Make grub2 include zfs support when building configuration files

Edit:

/etc/default/grub

Add the line:

GRUB_PRELOAD_MODULES="zfs"

This will come into play later when we create a grub configuration file on the efi partition.

Also add the line:

GRUB_DISABLE_OS_PROBER=true

Without this fix, running grub2-mkconfig (which we'll need later) will throw an error and possibly disrupt other scripts. This is cased by a problem that has nothing to do with ZFS and will probably be fixed Real Soon Now.

Fix grub2 bug with pool device path names

Later, we will need to run a script called grub2-mkconfig. This script uses the "zpool status" command to list the components of a pool. But when these components aren't simple device names, the script fails. Many fixes have been proposed, mostly involving new udev rules. A simple fix is to add a system environment variable. Create this file:

/etc/profile.d/grub2_zpool_fix.sh

That contains:

export ZPOOL_VDEV_NAME_PATH=YES

This will take effect the next time you login or reboot.
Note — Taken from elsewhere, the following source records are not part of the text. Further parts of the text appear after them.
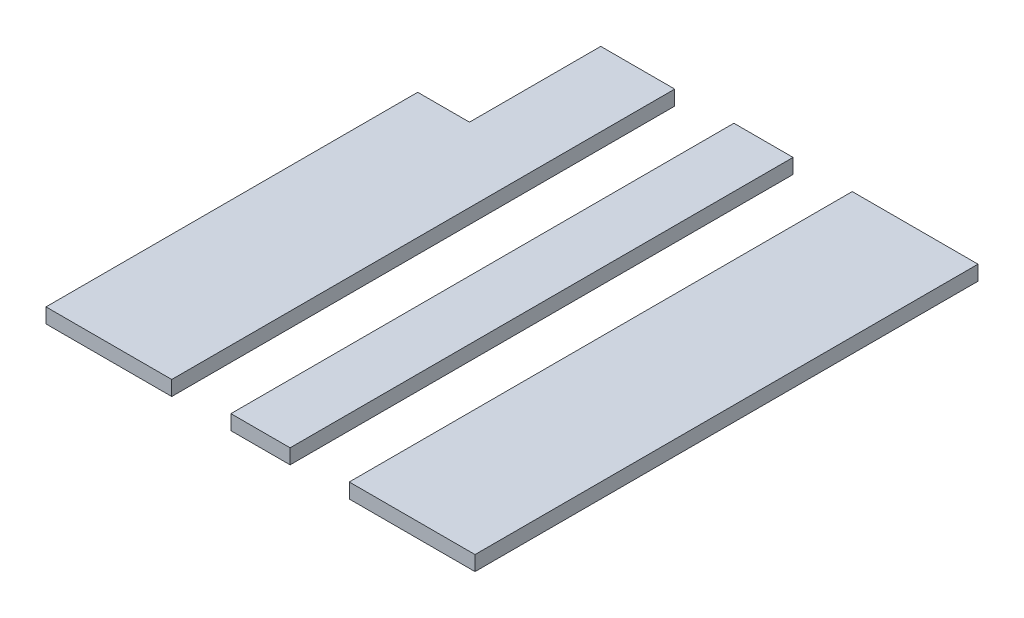
ISO-10303-21;
HEADER;
FILE_DESCRIPTION(('STEP AP214'),'2;1');
FILE_NAME('part.step','',(''),(''),'','','');
FILE_SCHEMA(('AUTOMOTIVE_DESIGN { 1 0 10303 214 1 1 1 1 }'));
ENDSEC;
DATA;
#1=APPLICATION_CONTEXT('core data for automotive mechanical design processes');
#2=APPLICATION_PROTOCOL_DEFINITION('international standard','automotive_design',2000,#1);
#3=PRODUCT_CONTEXT('',#1,'mechanical');
#4=PRODUCT('Part','Part','',(#3));
#5=PRODUCT_RELATED_PRODUCT_CATEGORY('part','',(#4));
#6=PRODUCT_DEFINITION_FORMATION('','',#4);
#7=PRODUCT_DEFINITION_CONTEXT('part definition',#1,'design');
#8=PRODUCT_DEFINITION('design','',#6,#7);
#9=PRODUCT_DEFINITION_SHAPE('','',#8);
#10=(LENGTH_UNIT() NAMED_UNIT(*) SI_UNIT(.MILLI.,.METRE.));
#11=(NAMED_UNIT(*) PLANE_ANGLE_UNIT() SI_UNIT($,.RADIAN.));
#12=(NAMED_UNIT(*) SI_UNIT($,.STERADIAN.) SOLID_ANGLE_UNIT());
#13=UNCERTAINTY_MEASURE_WITH_UNIT(LENGTH_MEASURE(1.E-05),#10,'distance_accuracy_value','');
#14=(GEOMETRIC_REPRESENTATION_CONTEXT(3) GLOBAL_UNCERTAINTY_ASSIGNED_CONTEXT((#13)) GLOBAL_UNIT_ASSIGNED_CONTEXT((#10,
#11,#12)) REPRESENTATION_CONTEXT('',''));
#15=CARTESIAN_POINT('',(0.,0.,0.));
#16=DIRECTION('',(0.,0.,1.));
#17=DIRECTION('',(1.,0.,0.));
#18=AXIS2_PLACEMENT_3D('',#15,#16,#17);
#19=CARTESIAN_POINT('',(-180.975,12.7,-469.9));
#20=DIRECTION('',(0.,0.,1.));
#21=DIRECTION('',(1.,0.,0.));
#22=AXIS2_PLACEMENT_3D('',#19,#20,#21);
#23=PLANE('',#22);
#24=DIRECTION('',(0.,1.,0.));
#25=VECTOR('',#24,1.);
#26=CARTESIAN_POINT('',(25.4000000000001,12.7,-469.9));
#27=LINE('',#26,#25);
#28=CARTESIAN_POINT('',(25.4000000000001,0.,-469.9));
#29=VERTEX_POINT('',#28);
#30=CARTESIAN_POINT('',(25.4000000000001,12.7,-469.9));
#31=VERTEX_POINT('',#30);
#32=EDGE_CURVE('E12',#29,#31,#27,.T.);
#33=ORIENTED_EDGE('',*,*,#32,.F.);
#34=DIRECTION('',(-1.,0.,0.));
#35=VECTOR('',#34,1.);
#36=CARTESIAN_POINT('',(-180.975,0.,-469.9));
#37=LINE('',#36,#35);
#38=CARTESIAN_POINT('',(-25.4000000000002,0.,-469.9));
#39=VERTEX_POINT('',#38);
#40=EDGE_CURVE('E100',#29,#39,#37,.T.);
#41=ORIENTED_EDGE('',*,*,#40,.T.);
#42=DIRECTION('',(0.,1.,0.));
#43=VECTOR('',#42,1.);
#44=CARTESIAN_POINT('',(-25.4000000000002,12.7,-469.9));
#45=LINE('',#44,#43);
#46=CARTESIAN_POINT('',(-25.4000000000002,12.7,-469.9));
#47=VERTEX_POINT('',#46);
#48=EDGE_CURVE('E92',#39,#47,#45,.T.);
#49=ORIENTED_EDGE('',*,*,#48,.T.);
#50=DIRECTION('',(-1.,0.,0.));
#51=VECTOR('',#50,1.);
#52=CARTESIAN_POINT('',(180.975,12.7,-469.9));
#53=LINE('',#52,#51);
#54=EDGE_CURVE('E87',#31,#47,#53,.T.);
#55=ORIENTED_EDGE('',*,*,#54,.F.);
#56=EDGE_LOOP('',(#33,#41,#49,#55));
#57=FACE_BOUND('',#56,.T.);
#58=ADVANCED_FACE('F41',(#57),#23,.F.);
#59=CARTESIAN_POINT('',(-231.560967647059,12.7,-38.1));
#60=DIRECTION('',(0.,0.,1.));
#61=DIRECTION('',(1.,0.,0.));
#62=AXIS2_PLACEMENT_3D('',#59,#60,#61);
#63=PLANE('',#62);
#64=DIRECTION('',(1.,0.,0.));
#65=VECTOR('',#64,1.);
#66=CARTESIAN_POINT('',(180.975,0.,-38.1));
#67=LINE('',#66,#65);
#68=CARTESIAN_POINT('',(-25.4000000000001,0.,-38.1));
#69=VERTEX_POINT('',#68);
#70=CARTESIAN_POINT('',(25.4000000000001,0.,-38.1));
#71=VERTEX_POINT('',#70);
#72=EDGE_CURVE('E98',#69,#71,#67,.T.);
#73=ORIENTED_EDGE('',*,*,#72,.T.);
#74=DIRECTION('',(0.,1.,0.));
#75=VECTOR('',#74,1.);
#76=CARTESIAN_POINT('',(25.4000000000001,12.7,-38.1));
#77=LINE('',#76,#75);
#78=CARTESIAN_POINT('',(25.4000000000001,12.7,-38.1));
#79=VERTEX_POINT('',#78);
#80=EDGE_CURVE('E61',#71,#79,#77,.T.);
#81=ORIENTED_EDGE('',*,*,#80,.T.);
#82=DIRECTION('',(-1.,0.,0.));
#83=VECTOR('',#82,1.);
#84=CARTESIAN_POINT('',(-231.560967647059,12.7,-38.1));
#85=LINE('',#84,#83);
#86=CARTESIAN_POINT('',(-25.4000000000001,12.7,-38.1));
#87=VERTEX_POINT('',#86);
#88=EDGE_CURVE('E44',#79,#87,#85,.T.);
#89=ORIENTED_EDGE('',*,*,#88,.T.);
#90=DIRECTION('',(0.,1.,0.));
#91=VECTOR('',#90,1.);
#92=CARTESIAN_POINT('',(-25.4000000000001,12.7,-38.1));
#93=LINE('',#92,#91);
#94=EDGE_CURVE('E49',#69,#87,#93,.T.);
#95=ORIENTED_EDGE('',*,*,#94,.F.);
#96=EDGE_LOOP('',(#73,#81,#89,#95));
#97=FACE_BOUND('',#96,.T.);
#98=ADVANCED_FACE('F111',(#97),#63,.T.);
#99=CARTESIAN_POINT('',(180.975,0.,-15.875));
#100=DIRECTION('',(0.,1.,0.));
#101=DIRECTION('',(0.,0.,1.));
#102=AXIS2_PLACEMENT_3D('',#99,#100,#101);
#103=PLANE('',#102);
#104=DIRECTION('',(0.,0.,1.));
#105=VECTOR('',#104,1.);
#106=CARTESIAN_POINT('',(25.4000000000001,0.,-486.780807022428));
#107=LINE('',#106,#105);
#108=EDGE_CURVE('E56',#29,#71,#107,.T.);
#109=ORIENTED_EDGE('',*,*,#108,.T.);
#110=ORIENTED_EDGE('',*,*,#72,.F.);
#111=DIRECTION('',(0.,0.,1.));
#112=VECTOR('',#111,1.);
#113=CARTESIAN_POINT('',(-25.4000000000002,0.,-486.780807022428));
#114=LINE('',#113,#112);
#115=EDGE_CURVE('E95',#39,#69,#114,.T.);
#116=ORIENTED_EDGE('',*,*,#115,.F.);
#117=ORIENTED_EDGE('',*,*,#40,.F.);
#118=EDGE_LOOP('',(#109,#110,#116,#117));
#119=FACE_BOUND('',#118,.T.);
#120=ADVANCED_FACE('F115',(#119),#103,.F.);
#121=CARTESIAN_POINT('',(180.975,12.7,-15.875));
#122=DIRECTION('',(0.,1.,0.));
#123=DIRECTION('',(0.,0.,1.));
#124=AXIS2_PLACEMENT_3D('',#121,#122,#123);
#125=PLANE('',#124);
#126=ORIENTED_EDGE('',*,*,#88,.F.);
#127=DIRECTION('',(0.,0.,-1.));
#128=VECTOR('',#127,1.);
#129=CARTESIAN_POINT('',(25.4000000000001,12.7,-15.875));
#130=LINE('',#129,#128);
#131=EDGE_CURVE('E79',#79,#31,#130,.T.);
#132=ORIENTED_EDGE('',*,*,#131,.T.);
#133=ORIENTED_EDGE('',*,*,#54,.T.);
#134=DIRECTION('',(0.,0.,1.));
#135=VECTOR('',#134,1.);
#136=CARTESIAN_POINT('',(-25.4000000000002,12.7,-486.780807022428));
#137=LINE('',#136,#135);
#138=EDGE_CURVE('E93',#47,#87,#137,.T.);
#139=ORIENTED_EDGE('',*,*,#138,.T.);
#140=EDGE_LOOP('',(#126,#132,#133,#139));
#141=FACE_BOUND('',#140,.T.);
#142=ADVANCED_FACE('F85',(#141),#125,.T.);
#143=CARTESIAN_POINT('',(-25.4000000000002,12.7,-486.780807022428));
#144=DIRECTION('',(1.,0.,0.));
#145=DIRECTION('',(0.,0.,-1.));
#146=AXIS2_PLACEMENT_3D('',#143,#144,#145);
#147=PLANE('',#146);
#148=ORIENTED_EDGE('',*,*,#115,.T.);
#149=ORIENTED_EDGE('',*,*,#94,.T.);
#150=ORIENTED_EDGE('',*,*,#138,.F.);
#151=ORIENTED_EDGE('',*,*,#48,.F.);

Which will be soon...

Prepare for future kernel updates

ln -s /usr/local/sbin/zmogrify /etc/kernel/postinst.d

The scripts in the postinst.d directory run after every kernel update. The zmogrify script takes care of updating the initramfs and the grub.cfg file on the EFI partition. (Stuff you need to boot with root in a zfs pool.)

Configure the ZFS repository

Using your browser, visit ZFS on Fedora.

Click on the link for your version of Fedora. When prompted, open it with "Software Install" and press the install button. This will add the repository zfs-release to you package database. It tells the package manager where to find zfs packages and updates.

Install zfs

dnf install kernel-devel
dnf install zfs zfs-dracut

During the installation, the process will pause to build the spl module and then the zfs module. A line will appear showing the path to their locations in /lib/modules/x.y.z/extras. If you don't see those lines, you don't have a match between the kernel-devel package you installed and your currently running kernel.

Load zfs

modprobe zfs

If you get a message that zfs isn't present, the modules failed to build during installation. Try rebooting.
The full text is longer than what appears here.